Kemudian Mama bilang : "Jangan dulu Papa, jangan dilepas dulu roda bantunya" ,
Mama takut putri manisnya terjatuh lalu terluka....
Tapi sadarkah kamu?
Bahwa Papa dengan yakin akan membiarkanmu, menatapmu, dan menjagamu mengayuh sepeda dengan seksama karena dia tahu putri kecilnya PASTI BISA.
Pada saat kamu menangis merengek meminta boneka atau mainan yang baru, Mama menatapmu iba.
Tetapi Papa akan mengatakan dengan tegas : "Boleh, kita beli nanti, tapi tidak sekarang"
Tahukah kamu, Papa melakukan itu karena Papa tidak ingin kamu menjadi anak yang manja dengan semua tuntutan yang selalu dapat dipenuhi?
Saat kamu sakit pilek, Papa yang terlalu khawatir sampai kadang sedikit membentak dengan berkata : "Sudah di bilang! kamu jangan minum air dingin!".
Berbeda dengan Mama yang memperhatikan dan menasihatimu dengan lembut.
Ketahuilah, saat itu Papa benar-benar mengkhawatirkan keadaanmu.
Ketika kamu sudah beranjak remaja.....
Kamu mulai menuntut pada Papa untuk dapat izin keluar malam, dan Papa bersikap tegas dan mengatakan: "Tidak boleh!".

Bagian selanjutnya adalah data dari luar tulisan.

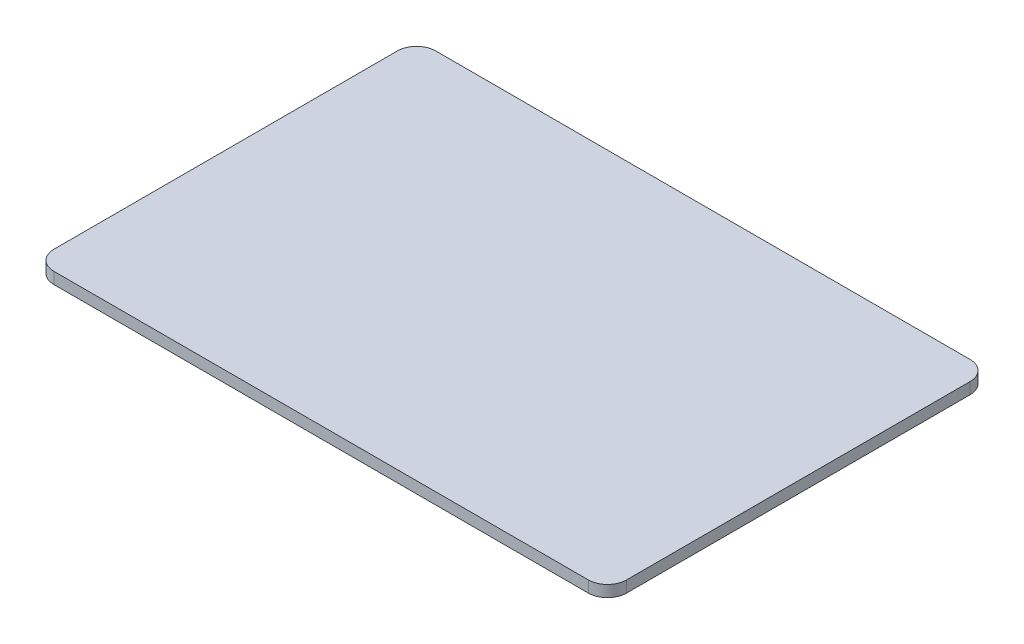
ISO-10303-21;
HEADER;
FILE_DESCRIPTION(('STEP AP214'),'2;1');
FILE_NAME('part.step','',(''),(''),'','','');
FILE_SCHEMA(('AUTOMOTIVE_DESIGN { 1 0 10303 214 1 1 1 1 }'));
ENDSEC;
DATA;
#1=APPLICATION_CONTEXT('core data for automotive mechanical design processes');
#2=APPLICATION_PROTOCOL_DEFINITION('international standard','automotive_design',2000,#1);
#3=PRODUCT_CONTEXT('',#1,'mechanical');
#4=PRODUCT('Part','Part','',(#3));
#5=PRODUCT_RELATED_PRODUCT_CATEGORY('part','',(#4));
#6=PRODUCT_DEFINITION_FORMATION('','',#4);
#7=PRODUCT_DEFINITION_CONTEXT('part definition',#1,'design');
#8=PRODUCT_DEFINITION('design','',#6,#7);
#9=PRODUCT_DEFINITION_SHAPE('','',#8);
#10=(LENGTH_UNIT() NAMED_UNIT(*) SI_UNIT(.MILLI.,.METRE.));
#11=(NAMED_UNIT(*) PLANE_ANGLE_UNIT() SI_UNIT($,.RADIAN.));
#12=(NAMED_UNIT(*) SI_UNIT($,.STERADIAN.) SOLID_ANGLE_UNIT());
#13=UNCERTAINTY_MEASURE_WITH_UNIT(LENGTH_MEASURE(1.E-05),#10,'distance_accuracy_value','');
#14=(GEOMETRIC_REPRESENTATION_CONTEXT(3) GLOBAL_UNCERTAINTY_ASSIGNED_CONTEXT((#13)) GLOBAL_UNIT_ASSIGNED_CONTEXT((#10,
#11,#12)) REPRESENTATION_CONTEXT('',''));
#15=CARTESIAN_POINT('',(0.,0.,0.));
#16=DIRECTION('',(0.,0.,1.));
#17=DIRECTION('',(1.,0.,0.));
#18=AXIS2_PLACEMENT_3D('',#15,#16,#17);
#19=CARTESIAN_POINT('',(95.25,-1.27,63.5));
#20=DIRECTION('',(1.,0.,0.));
#21=DIRECTION('',(0.,0.,-1.));
#22=AXIS2_PLACEMENT_3D('',#19,#20,#21);
#23=PLANE('',#22);
#24=DIRECTION('',(0.,0.,-1.));
#25=VECTOR('',#24,1.);
#26=CARTESIAN_POINT('',(95.25,-1.27,63.5));
#27=LINE('',#26,#25);
#28=CARTESIAN_POINT('',(95.25,-1.27,57.15));
#29=VERTEX_POINT('',#28);
#30=CARTESIAN_POINT('',(95.25,-1.27,-57.15));
#31=VERTEX_POINT('',#30);
#32=EDGE_CURVE('E165',#29,#31,#27,.T.);
#33=ORIENTED_EDGE('',*,*,#32,.T.);
#34=DIRECTION('',(0.,1.,0.));
#35=VECTOR('',#34,1.);
#36=CARTESIAN_POINT('',(95.25,-1.27,-57.15));
#37=LINE('',#36,#35);
#38=CARTESIAN_POINT('',(95.25,2.54,-57.15));
#39=VERTEX_POINT('',#38);
#40=EDGE_CURVE('E120',#31,#39,#37,.T.);
#41=ORIENTED_EDGE('',*,*,#40,.T.);
#42=DIRECTION('',(0.,0.,-1.));
#43=VECTOR('',#42,1.);
#44=CARTESIAN_POINT('',(95.25,2.54,63.5));
#45=LINE('',#44,#43);
#46=CARTESIAN_POINT('',(95.25,2.54,57.15));
#47=VERTEX_POINT('',#46);
#48=EDGE_CURVE('E104',#47,#39,#45,.T.);
#49=ORIENTED_EDGE('',*,*,#48,.F.);
#50=DIRECTION('',(0.,1.,0.));
#51=VECTOR('',#50,1.);
#52=CARTESIAN_POINT('',(95.25,-1.27,57.15));
#53=LINE('',#52,#51);
#54=EDGE_CURVE('E117',#47,#29,#53,.F.);
#55=ORIENTED_EDGE('',*,*,#54,.T.);
#56=EDGE_LOOP('',(#33,#41,#49,#55));
#57=FACE_BOUND('',#56,.T.);
#58=ADVANCED_FACE('F35',(#57),#23,.T.);
#59=CARTESIAN_POINT('',(-95.25,-1.27,63.5));
#60=DIRECTION('',(0.,0.,1.));
#61=DIRECTION('',(1.,0.,0.));
#62=AXIS2_PLACEMENT_3D('',#59,#60,#61);
#63=PLANE('',#62);
#64=DIRECTION('',(1.,0.,0.));
#65=VECTOR('',#64,1.);
#66=CARTESIAN_POINT('',(-95.25,-1.27,63.5));
#67=LINE('',#66,#65);
#68=CARTESIAN_POINT('',(-88.9,-1.27,63.5));
#69=VERTEX_POINT('',#68);
#70=CARTESIAN_POINT('',(88.9,-1.27,63.5));
#71=VERTEX_POINT('',#70);
#72=EDGE_CURVE('E126',#69,#71,#67,.T.);
#73=ORIENTED_EDGE('',*,*,#72,.T.);
#74=DIRECTION('',(0.,1.,0.));
#75=VECTOR('',#74,1.);
#76=CARTESIAN_POINT('',(88.9,-1.27,63.5));
#77=LINE('',#76,#75);
#78=CARTESIAN_POINT('',(88.9,2.54,63.5));
#79=VERTEX_POINT('',#78);
#80=EDGE_CURVE('E151',#71,#79,#77,.T.);
#81=ORIENTED_EDGE('',*,*,#80,.T.);
#82=DIRECTION('',(1.,0.,0.));
#83=VECTOR('',#82,1.);
#84=CARTESIAN_POINT('',(-95.25,2.54,63.5));
#85=LINE('',#84,#83);
#86=CARTESIAN_POINT('',(-88.9,2.54,63.5));
#87=VERTEX_POINT('',#86);
#88=EDGE_CURVE('E106',#87,#79,#85,.T.);
#89=ORIENTED_EDGE('',*,*,#88,.F.);
#90=DIRECTION('',(0.,1.,0.));
#91=VECTOR('',#90,1.);
#92=CARTESIAN_POINT('',(-88.9,-1.27,63.5));
#93=LINE('',#92,#91);
#94=EDGE_CURVE('E149',#87,#69,#93,.F.);
#95=ORIENTED_EDGE('',*,*,#94,.T.);
#96=EDGE_LOOP('',(#73,#81,#89,#95));
#97=FACE_BOUND('',#96,.T.);
#98=ADVANCED_FACE('F153',(#97),#63,.T.);
#99=CARTESIAN_POINT('',(-95.25,-1.27,63.5));
#100=DIRECTION('',(-1.,0.,0.));
#101=DIRECTION('',(0.,0.,1.));
#102=AXIS2_PLACEMENT_3D('',#99,#100,#101);
#103=PLANE('',#102);
#104=DIRECTION('',(0.,0.,1.));
#105=VECTOR('',#104,1.);
#106=CARTESIAN_POINT('',(-95.25,-1.27,63.5));
#107=LINE('',#106,#105);
#108=CARTESIAN_POINT('',(-95.25,-1.27,-57.15));
#109=VERTEX_POINT('',#108);
#110=CARTESIAN_POINT('',(-95.25,-1.27,57.15));
#111=VERTEX_POINT('',#110);
#112=EDGE_CURVE('E131',#109,#111,#107,.T.);
#113=ORIENTED_EDGE('',*,*,#112,.T.);
#114=DIRECTION('',(0.,1.,0.));
#115=VECTOR('',#114,1.);
#116=CARTESIAN_POINT('',(-95.25,-1.27,57.15));
#117=LINE('',#116,#115);
#118=CARTESIAN_POINT('',(-95.25,2.54,57.15));
#119=VERTEX_POINT('',#118);
#120=EDGE_CURVE('E11',#111,#119,#117,.T.);
#121=ORIENTED_EDGE('',*,*,#120,.T.);
#122=DIRECTION('',(0.,0.,1.));
#123=VECTOR('',#122,1.);
#124=CARTESIAN_POINT('',(-95.25,2.54,63.5));
#125=LINE('',#124,#123);
#126=CARTESIAN_POINT('',(-95.25,2.54,-57.15));
#127=VERTEX_POINT('',#126);
#128=EDGE_CURVE('E162',#127,#119,#125,.T.);
#129=ORIENTED_EDGE('',*,*,#128,.F.);
#130=DIRECTION('',(0.,1.,0.));
#131=VECTOR('',#130,1.);
#132=CARTESIAN_POINT('',(-95.25,-1.27,-57.15));
#133=LINE('',#132,#131);
#134=EDGE_CURVE('E43',#127,#109,#133,.F.);
#135=ORIENTED_EDGE('',*,*,#134,.T.);
#136=EDGE_LOOP('',(#113,#121,#129,#135));
#137=FACE_BOUND('',#136,.T.);
#138=ADVANCED_FACE('F161',(#137),#103,.T.);
#139=CARTESIAN_POINT('',(-95.25,-1.27,-63.5));
#140=DIRECTION('',(0.,0.,-1.));
#141=DIRECTION('',(-1.,0.,0.));
#142=AXIS2_PLACEMENT_3D('',#139,#140,#141);
#143=PLANE('',#142);
#144=DIRECTION('',(-1.,0.,0.));
#145=VECTOR('',#144,1.);
#146=CARTESIAN_POINT('',(-95.25,2.54,-63.5));
#147=LINE('',#146,#145);
#148=CARTESIAN_POINT('',(88.9,2.54,-63.5));
#149=VERTEX_POINT('',#148);
#150=CARTESIAN_POINT('',(-88.9,2.54,-63.5));
#151=VERTEX_POINT('',#150);
#152=EDGE_CURVE('E121',#149,#151,#147,.T.);
#153=ORIENTED_EDGE('',*,*,#152,.F.);
#154=DIRECTION('',(0.,1.,0.));
#155=VECTOR('',#154,1.);
#156=CARTESIAN_POINT('',(88.9,-1.27,-63.5));
#157=LINE('',#156,#155);
#158=CARTESIAN_POINT('',(88.9,-1.27,-63.5));
#159=VERTEX_POINT('',#158);
#160=EDGE_CURVE('E141',#149,#159,#157,.F.);
#161=ORIENTED_EDGE('',*,*,#160,.T.);
#162=DIRECTION('',(-1.,0.,0.));
#163=VECTOR('',#162,1.);
#164=CARTESIAN_POINT('',(-95.25,-1.27,-63.5));
#165=LINE('',#164,#163);
#166=CARTESIAN_POINT('',(-88.9,-1.27,-63.5));
#167=VERTEX_POINT('',#166);
#168=EDGE_CURVE('E170',#159,#167,#165,.T.);
#169=ORIENTED_EDGE('',*,*,#168,.T.);
#170=DIRECTION('',(0.,1.,0.));
#171=VECTOR('',#170,1.);
#172=CARTESIAN_POINT('',(-88.9,-1.27,-63.5));
#173=LINE('',#172,#171);
#174=EDGE_CURVE('E138',#167,#151,#173,.T.);
#175=ORIENTED_EDGE('',*,*,#174,.T.);
#176=EDGE_LOOP('',(#153,#161,#169,#175));
#177=FACE_BOUND('',#176,.T.);
#178=ADVANCED_FACE('F175',(#177),#143,.T.);
#179=CARTESIAN_POINT('',(0.,-1.27,0.));
#180=DIRECTION('',(0.,-1.,0.));
#181=DIRECTION('',(0.,0.,-1.));
#182=AXIS2_PLACEMENT_3D('',#179,#180,#181);
#183=PLANE('',#182);
#184=ORIENTED_EDGE('',*,*,#168,.F.);
#185=CARTESIAN_POINT('',(88.9,-1.27,-57.15));
#186=DIRECTION('',(0.,-1.,0.));
#187=DIRECTION('',(0.,0.,-1.));
#188=AXIS2_PLACEMENT_3D('',#185,#186,#187);
#189=CIRCLE('',#188,6.35);
#190=EDGE_CURVE('E147',#159,#31,#189,.T.);
#191=ORIENTED_EDGE('',*,*,#190,.T.);
#192=ORIENTED_EDGE('',*,*,#32,.F.);
#193=CARTESIAN_POINT('',(88.9,-1.27,57.15));
#194=DIRECTION('',(0.,-1.,0.));
#195=DIRECTION('',(0.,0.,-1.));
#196=AXIS2_PLACEMENT_3D('',#193,#194,#195);
#197=CIRCLE('',#196,6.35);
#198=EDGE_CURVE('E125',#29,#71,#197,.T.);
#199=ORIENTED_EDGE('',*,*,#198,.T.);
#200=ORIENTED_EDGE('',*,*,#72,.F.);
#201=CARTESIAN_POINT('',(-88.9,-1.27,57.15));
#202=DIRECTION('',(0.,-1.,0.));
#203=DIRECTION('',(0.,0.,-1.));
#204=AXIS2_PLACEMENT_3D('',#201,#202,#203);
#205=CIRCLE('',#204,6.35);
#206=EDGE_CURVE('E50',#69,#111,#205,.T.);
#207=ORIENTED_EDGE('',*,*,#206,.T.);
#208=ORIENTED_EDGE('',*,*,#112,.F.);
#209=CARTESIAN_POINT('',(-88.9,-1.27,-57.15));
#210=DIRECTION('',(0.,-1.,0.));
#211=DIRECTION('',(0.,0.,-1.));
#212=AXIS2_PLACEMENT_3D('',#209,#210,#211);
#213=CIRCLE('',#212,6.35);
#214=EDGE_CURVE('E143',#109,#167,#213,.T.);
#215=ORIENTED_EDGE('',*,*,#214,.T.);
#216=EDGE_LOOP('',(#184,#191,#192,#199,#200,#207,#208,#215));
#217=FACE_BOUND('',#216,.T.);
#218=ADVANCED_FACE('F156',(#217),#183,.T.);
#219=CARTESIAN_POINT('',(0.,2.54,0.));
#220=DIRECTION('',(0.,-1.,0.));
#221=DIRECTION('',(0.,0.,-1.));
#222=AXIS2_PLACEMENT_3D('',#219,#220,#221);
#223=PLANE('',#222);
#224=ORIENTED_EDGE('',*,*,#48,.T.);
#225=CARTESIAN_POINT('',(88.9,2.54,-57.15));
#226=DIRECTION('',(0.,-1.,0.));
#227=DIRECTION('',(0.,0.,-1.));
#228=AXIS2_PLACEMENT_3D('',#225,#226,#227);
#229=CIRCLE('',#228,6.35);
#230=EDGE_CURVE('E111',#39,#149,#229,.F.);
#231=ORIENTED_EDGE('',*,*,#230,.T.);
#232=ORIENTED_EDGE('',*,*,#152,.T.);
#233=CARTESIAN_POINT('',(-88.9,2.54,-57.15));
#234=DIRECTION('',(0.,-1.,0.));
#235=DIRECTION('',(0.,0.,-1.));
#236=AXIS2_PLACEMENT_3D('',#233,#234,#235);
#237=CIRCLE('',#236,6.35);
#238=EDGE_CURVE('E128',#151,#127,#237,.F.);
#239=ORIENTED_EDGE('',*,*,#238,.T.);
#240=ORIENTED_EDGE('',*,*,#128,.T.);
#241=CARTESIAN_POINT('',(-88.9,2.54,57.15));
#242=DIRECTION('',(0.,-1.,0.));
#243=DIRECTION('',(0.,0.,-1.));
#244=AXIS2_PLACEMENT_3D('',#241,#242,#243);
#245=CIRCLE('',#244,6.35);
#246=EDGE_CURVE('E112',#119,#87,#245,.F.);
#247=ORIENTED_EDGE('',*,*,#246,.T.);
#248=ORIENTED_EDGE('',*,*,#88,.T.);
#249=CARTESIAN_POINT('',(88.9,2.54,57.15));
#250=DIRECTION('',(0.,-1.,0.));
#251=DIRECTION('',(0.,0.,-1.));
#252=AXIS2_PLACEMENT_3D('',#249,#250,#251);
#253=CIRCLE('',#252,6.35);
#254=EDGE_CURVE('E101',#79,#47,#253,.F.);
#255=ORIENTED_EDGE('',*,*,#254,.T.);
#256=EDGE_LOOP('',(#224,#231,#232,#239,#240,#247,#248,#255));
#257=FACE_BOUND('',#256,.T.);
#258=ADVANCED_FACE('F103',(#257),#223,.F.);
#259=CARTESIAN_POINT('',(88.9,-1.27,-57.15));
#260=DIRECTION('',(0.,1.,0.));
#261=DIRECTION('',(0.,0.,1.));
#262=AXIS2_PLACEMENT_3D('',#259,#260,#261);
#263=CYLINDRICAL_SURFACE('',#262,6.35);
#264=ORIENTED_EDGE('',*,*,#190,.F.);
#265=ORIENTED_EDGE('',*,*,#160,.F.);
#266=ORIENTED_EDGE('',*,*,#230,.F.);
#267=ORIENTED_EDGE('',*,*,#40,.F.);
#268=EDGE_LOOP('',(#264,#265,#266,#267));
#269=FACE_BOUND('',#268,.T.);
#270=ADVANCED_FACE('F193',(#269),#263,.T.);
#271=CARTESIAN_POINT('',(88.9,-1.27,57.15));
#272=DIRECTION('',(0.,1.,0.));
#273=DIRECTION('',(0.,0.,1.));
#274=AXIS2_PLACEMENT_3D('',#271,#272,#273);
#275=CYLINDRICAL_SURFACE('',#274,6.35);
#276=ORIENTED_EDGE('',*,*,#198,.F.);
#277=ORIENTED_EDGE('',*,*,#54,.F.);
#278=ORIENTED_EDGE('',*,*,#254,.F.);
#279=ORIENTED_EDGE('',*,*,#80,.F.);
#280=EDGE_LOOP('',(#276,#277,#278,#279));
#281=FACE_BOUND('',#280,.T.);
#282=ADVANCED_FACE('F124',(#281),#275,.T.);
#283=CARTESIAN_POINT('',(-88.9,-1.27,57.15));
#284=DIRECTION('',(0.,1.,0.));
#285=DIRECTION('',(0.,0.,1.));
#286=AXIS2_PLACEMENT_3D('',#283,#284,#285);
#287=CYLINDRICAL_SURFACE('',#286,6.35);
#288=ORIENTED_EDGE('',*,*,#206,.F.);
#289=ORIENTED_EDGE('',*,*,#94,.F.);
#290=ORIENTED_EDGE('',*,*,#246,.F.);
#291=ORIENTED_EDGE('',*,*,#120,.F.);
#292=EDGE_LOOP('',(#288,#289,#290,#291));
#293=FACE_BOUND('',#292,.T.);
#294=ADVANCED_FACE('F159',(#293),#287,.T.);
#295=CARTESIAN_POINT('',(-88.9,-1.27,-57.15));
#296=DIRECTION('',(0.,1.,0.));
#297=DIRECTION('',(0.,0.,1.));
#298=AXIS2_PLACEMENT_3D('',#295,#296,#297);
#299=CYLINDRICAL_SURFACE('',#298,6.35);
#300=ORIENTED_EDGE('',*,*,#214,.F.);
#301=ORIENTED_EDGE('',*,*,#134,.F.);
#302=ORIENTED_EDGE('',*,*,#238,.F.);
#303=ORIENTED_EDGE('',*,*,#174,.F.);
#304=EDGE_LOOP('',(#300,#301,#302,#303));
#305=FACE_BOUND('',#304,.T.);
#306=ADVANCED_FACE('F37',(#305),#299,.T.);
#307=CLOSED_SHELL('',(#58,#98,#138,#178,#218,#258,#270,#282,#294,#306));
#308=MANIFOLD_SOLID_BREP('B2',#307);
#309=ADVANCED_BREP_SHAPE_REPRESENTATION('',(#18,#308),#14);
#310=SHAPE_DEFINITION_REPRESENTATION(#9,#309);
ENDSEC;
END-ISO-10303-21;

Tahukah kamu, bahwa Papa melakukan itu untuk menjagamu?
Karena bagi Papa, kamu adalah sesuatu yang sangat - sangat luar biasa berharga..
Setelah itu kamu marah pada Papa, dan masuk ke kamar sambil membanting pintu...
Dan yang datang mengetok pintu dan membujukmu agar tidak marah adalah Mama.....
Tahukah kamu, bahwa saat itu Papa memejamkan matanya dan menahan gejolak dalam batinnya,
Bahwa Papa sangat ingin mengikuti keinginanmu, Tapi lagi-lagi dia HARUS menjagamu?
Ketika saat seorang cowok mulai sering menelponmu, atau bahkan datang ke rumah untuk menemuimu, Papa akan memasang wajah paling cool sedunia.... :')
Papa sesekali menguping atau mengintip saat kamu sedang ngobrol berdua di ruang tamu..
Sadarkah kamu, kalau hati Papa merasa cemburu?
Saat kamu mulai lebih dipercaya, dan Papa melonggarkan sedikit peraturan untuk keluar rumah untukmu, kamu akan memaksa untuk melanggar jam malamnya.
Maka yang dilakukan Papa adalah duduk di ruang tamu, dan menunggumu pulang dengan hati yang sangat khawatir...
Dan setelah perasaan khawatir itu berlarut - larut...
Ketika melihat putri kecilnya pulang larut malam hati Papa akan mengeras dan Papa memarahimu.. .
Sadarkah kamu, bahwa ini karena hal yang di sangat ditakuti Papa akan segera datang?
"Bahwa putri kecilnya akan segera pergi meninggalkan Papa"
Setelah lulus SMA, Papa akan sedikit memaksamu untuk menjadi seorang Dokter atau Insinyur.
Ketahuilah, bahwa seluruh paksaan yang dilakukan Papa itu semata - mata hanya karena memikirkan masa depanmu nanti...
Tapi toh Papa tetap tersenyum dan mendukungmu saat pilihanmu tidak sesuai dengan keinginan Papa
Ketika kamu menjadi gadis dewasa....
Dan kamu harus pergi kuliah dikota lain...
Papa harus melepasmu di bandara.
Tahukah kamu bahwa badan Papa terasa kaku untuk memelukmu?
Papa hanya tersenyum sambil memberi nasehat ini - itu, dan menyuruhmu untuk berhati-hati. .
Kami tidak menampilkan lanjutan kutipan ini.